Eskom se Push stores and updates a Google Sheet with the national load shedding level and timestamp. This dataset has only 2 columns namely “created_at” and “stage”. We used this data to create a dashboard visualising the historical load shedding for the country. The goal was to extract as much value out of a simple 2 column dataset. And to showcase to prospective clients how even seemingly the most basic of data sources can produce insights and sexy visualisations.
Here is how we did it.
Steps involved:
1) Fetching the data
2) Ingesting the data
3) Visualisation
Step 1 – Fetching the data:
To continuously stay up to data we used a python script to fetch the data directly from the google sheet on a daily basis.
Step 2 – Ingestion:
A postgreSQL database was created with the appropriate schema to house the data. The scheduled python script then generates unique keys for each record and only insert the records that are new. This takes care of data redundancy. This step is crucial to maintain data persistence as well as making the data easy to query and manipulate for the various visualisations in the next step.
Step 3 – Visualisation:
A preliminary analysis of the data was done to determine which visualisations could be used to tell the South African load shedding story.
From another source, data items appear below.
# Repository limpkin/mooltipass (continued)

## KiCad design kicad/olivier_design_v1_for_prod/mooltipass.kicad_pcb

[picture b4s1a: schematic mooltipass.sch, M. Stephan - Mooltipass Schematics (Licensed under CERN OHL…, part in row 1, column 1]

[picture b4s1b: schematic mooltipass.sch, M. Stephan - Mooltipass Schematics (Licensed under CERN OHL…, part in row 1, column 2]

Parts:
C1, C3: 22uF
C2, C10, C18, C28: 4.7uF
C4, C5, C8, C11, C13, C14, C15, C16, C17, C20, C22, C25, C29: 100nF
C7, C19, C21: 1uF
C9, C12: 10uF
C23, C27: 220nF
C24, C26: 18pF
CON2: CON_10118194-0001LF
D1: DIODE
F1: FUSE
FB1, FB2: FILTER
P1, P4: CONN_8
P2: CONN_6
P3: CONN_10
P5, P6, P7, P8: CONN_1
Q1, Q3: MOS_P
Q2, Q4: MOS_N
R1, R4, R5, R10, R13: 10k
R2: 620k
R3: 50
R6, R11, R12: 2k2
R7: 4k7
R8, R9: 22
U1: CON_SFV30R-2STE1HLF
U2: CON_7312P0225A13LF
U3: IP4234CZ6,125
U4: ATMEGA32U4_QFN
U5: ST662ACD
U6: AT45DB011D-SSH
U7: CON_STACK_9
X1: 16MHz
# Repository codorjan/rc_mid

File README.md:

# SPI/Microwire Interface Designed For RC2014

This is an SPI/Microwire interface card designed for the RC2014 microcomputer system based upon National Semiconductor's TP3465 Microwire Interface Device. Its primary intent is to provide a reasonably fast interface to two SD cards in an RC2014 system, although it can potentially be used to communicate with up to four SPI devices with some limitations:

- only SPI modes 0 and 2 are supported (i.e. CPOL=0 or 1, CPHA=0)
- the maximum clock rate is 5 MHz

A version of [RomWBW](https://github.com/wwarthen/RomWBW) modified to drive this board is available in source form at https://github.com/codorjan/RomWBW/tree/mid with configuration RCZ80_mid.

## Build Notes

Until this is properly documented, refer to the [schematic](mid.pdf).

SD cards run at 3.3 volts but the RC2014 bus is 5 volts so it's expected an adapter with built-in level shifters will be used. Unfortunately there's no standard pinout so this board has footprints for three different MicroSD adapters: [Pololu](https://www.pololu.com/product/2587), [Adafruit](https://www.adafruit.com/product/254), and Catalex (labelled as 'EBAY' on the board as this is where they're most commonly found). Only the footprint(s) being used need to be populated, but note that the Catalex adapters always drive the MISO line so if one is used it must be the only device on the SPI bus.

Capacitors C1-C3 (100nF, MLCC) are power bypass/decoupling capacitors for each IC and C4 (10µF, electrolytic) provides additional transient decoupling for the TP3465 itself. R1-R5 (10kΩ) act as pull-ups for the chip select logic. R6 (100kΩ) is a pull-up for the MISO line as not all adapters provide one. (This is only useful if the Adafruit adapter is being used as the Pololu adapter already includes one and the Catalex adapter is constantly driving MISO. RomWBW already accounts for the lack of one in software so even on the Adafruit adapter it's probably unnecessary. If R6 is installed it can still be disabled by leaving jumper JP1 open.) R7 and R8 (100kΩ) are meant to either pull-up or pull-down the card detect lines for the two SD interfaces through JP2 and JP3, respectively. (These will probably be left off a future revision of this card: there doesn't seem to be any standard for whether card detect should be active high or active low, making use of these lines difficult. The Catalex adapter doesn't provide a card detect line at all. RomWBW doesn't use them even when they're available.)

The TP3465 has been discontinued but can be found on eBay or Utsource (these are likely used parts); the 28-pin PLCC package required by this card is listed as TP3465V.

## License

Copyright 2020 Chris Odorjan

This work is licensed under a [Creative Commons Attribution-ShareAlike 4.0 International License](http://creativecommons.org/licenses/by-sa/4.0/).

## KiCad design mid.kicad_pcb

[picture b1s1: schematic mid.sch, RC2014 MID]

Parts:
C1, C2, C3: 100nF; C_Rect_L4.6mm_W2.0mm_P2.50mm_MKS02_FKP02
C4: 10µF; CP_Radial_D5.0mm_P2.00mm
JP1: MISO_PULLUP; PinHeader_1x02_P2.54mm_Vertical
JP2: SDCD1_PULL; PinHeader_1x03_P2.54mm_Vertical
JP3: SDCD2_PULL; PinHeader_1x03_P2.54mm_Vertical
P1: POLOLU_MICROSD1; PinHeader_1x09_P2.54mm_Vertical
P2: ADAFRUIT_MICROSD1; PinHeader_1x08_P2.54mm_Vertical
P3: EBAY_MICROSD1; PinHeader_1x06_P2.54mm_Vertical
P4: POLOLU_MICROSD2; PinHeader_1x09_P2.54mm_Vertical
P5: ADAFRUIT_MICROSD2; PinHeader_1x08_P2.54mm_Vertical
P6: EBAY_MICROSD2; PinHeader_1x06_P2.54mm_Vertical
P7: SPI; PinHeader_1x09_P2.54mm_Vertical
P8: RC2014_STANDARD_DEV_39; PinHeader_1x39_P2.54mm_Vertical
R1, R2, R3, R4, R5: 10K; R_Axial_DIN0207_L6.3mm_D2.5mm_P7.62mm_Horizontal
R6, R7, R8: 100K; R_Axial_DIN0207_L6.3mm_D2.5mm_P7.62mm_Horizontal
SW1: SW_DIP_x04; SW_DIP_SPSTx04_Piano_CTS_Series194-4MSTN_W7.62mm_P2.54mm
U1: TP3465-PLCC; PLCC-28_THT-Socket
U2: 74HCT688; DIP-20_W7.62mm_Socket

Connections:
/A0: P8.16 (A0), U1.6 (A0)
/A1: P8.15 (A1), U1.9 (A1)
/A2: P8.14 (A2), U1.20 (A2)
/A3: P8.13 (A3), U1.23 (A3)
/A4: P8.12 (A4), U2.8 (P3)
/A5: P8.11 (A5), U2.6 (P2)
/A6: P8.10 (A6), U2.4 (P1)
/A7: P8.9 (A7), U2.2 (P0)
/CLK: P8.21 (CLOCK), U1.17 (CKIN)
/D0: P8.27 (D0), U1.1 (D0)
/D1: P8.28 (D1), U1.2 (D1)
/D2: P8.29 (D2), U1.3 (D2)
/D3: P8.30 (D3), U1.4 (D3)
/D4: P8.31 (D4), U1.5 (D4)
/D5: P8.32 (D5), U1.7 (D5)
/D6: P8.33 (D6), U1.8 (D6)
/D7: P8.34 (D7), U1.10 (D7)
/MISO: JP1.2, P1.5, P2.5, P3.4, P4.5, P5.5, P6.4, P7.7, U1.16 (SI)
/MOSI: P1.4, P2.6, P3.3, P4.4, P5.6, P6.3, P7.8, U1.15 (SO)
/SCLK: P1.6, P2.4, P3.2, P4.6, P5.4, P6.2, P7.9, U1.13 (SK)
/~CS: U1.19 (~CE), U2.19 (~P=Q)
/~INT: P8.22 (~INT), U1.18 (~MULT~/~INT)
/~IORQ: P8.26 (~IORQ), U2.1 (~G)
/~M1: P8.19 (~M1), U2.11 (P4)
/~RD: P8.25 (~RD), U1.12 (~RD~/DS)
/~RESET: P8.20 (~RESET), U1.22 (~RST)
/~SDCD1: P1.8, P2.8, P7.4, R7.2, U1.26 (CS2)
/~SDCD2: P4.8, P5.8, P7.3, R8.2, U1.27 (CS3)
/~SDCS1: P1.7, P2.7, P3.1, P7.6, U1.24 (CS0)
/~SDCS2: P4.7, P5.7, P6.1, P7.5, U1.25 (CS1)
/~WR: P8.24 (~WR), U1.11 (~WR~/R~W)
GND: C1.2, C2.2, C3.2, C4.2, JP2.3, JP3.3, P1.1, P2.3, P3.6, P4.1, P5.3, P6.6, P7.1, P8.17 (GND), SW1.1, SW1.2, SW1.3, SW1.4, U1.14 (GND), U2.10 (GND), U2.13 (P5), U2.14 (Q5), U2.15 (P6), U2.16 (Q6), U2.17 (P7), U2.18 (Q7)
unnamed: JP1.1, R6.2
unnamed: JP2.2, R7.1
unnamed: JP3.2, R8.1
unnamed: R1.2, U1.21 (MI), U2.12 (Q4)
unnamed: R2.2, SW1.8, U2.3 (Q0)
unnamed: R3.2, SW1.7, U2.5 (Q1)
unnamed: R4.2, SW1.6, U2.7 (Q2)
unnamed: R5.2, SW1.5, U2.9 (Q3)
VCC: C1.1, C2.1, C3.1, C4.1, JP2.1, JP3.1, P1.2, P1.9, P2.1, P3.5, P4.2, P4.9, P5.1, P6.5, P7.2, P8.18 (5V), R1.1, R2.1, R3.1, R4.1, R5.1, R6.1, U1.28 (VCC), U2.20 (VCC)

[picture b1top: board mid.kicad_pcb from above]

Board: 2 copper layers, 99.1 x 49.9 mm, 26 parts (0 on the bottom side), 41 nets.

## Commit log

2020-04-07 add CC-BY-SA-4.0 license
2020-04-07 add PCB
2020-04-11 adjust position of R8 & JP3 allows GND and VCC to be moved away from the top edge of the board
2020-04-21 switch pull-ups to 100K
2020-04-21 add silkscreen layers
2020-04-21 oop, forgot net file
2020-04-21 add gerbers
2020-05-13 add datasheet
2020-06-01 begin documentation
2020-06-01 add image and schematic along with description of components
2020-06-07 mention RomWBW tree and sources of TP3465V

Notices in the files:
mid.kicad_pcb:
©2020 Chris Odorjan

We have derived 2 dashboards one looking at loadshedding on yearly level and the other looking at loadshedding on a monthly level.
Monthly level:
The monthly level has visualisation for how many days of the month we had loadshedding and how many days we did not have load shedding. It also has a breakdown of the different stages that happened in a given day for the month. A scatter plot showcasing a return to a level denoted by the darker shades. A distribution of the stages for that month. A line chart showcasing the change in stages over time. And then a comparison to last year for the same month.
Yearly level:
The yearly level looks at the loadshedding trend over time 2023 being the worst year for load shedding. Furthermore, it compares the past 5 years of load shedding for through the year. We can also see the trend for the year and compare that to the previous year. We have the distributions as well where the darker shades occur more frequently for that specific day of the month and stage. Lastly, we visualise the distribution of stages as a percentage in a pie chart.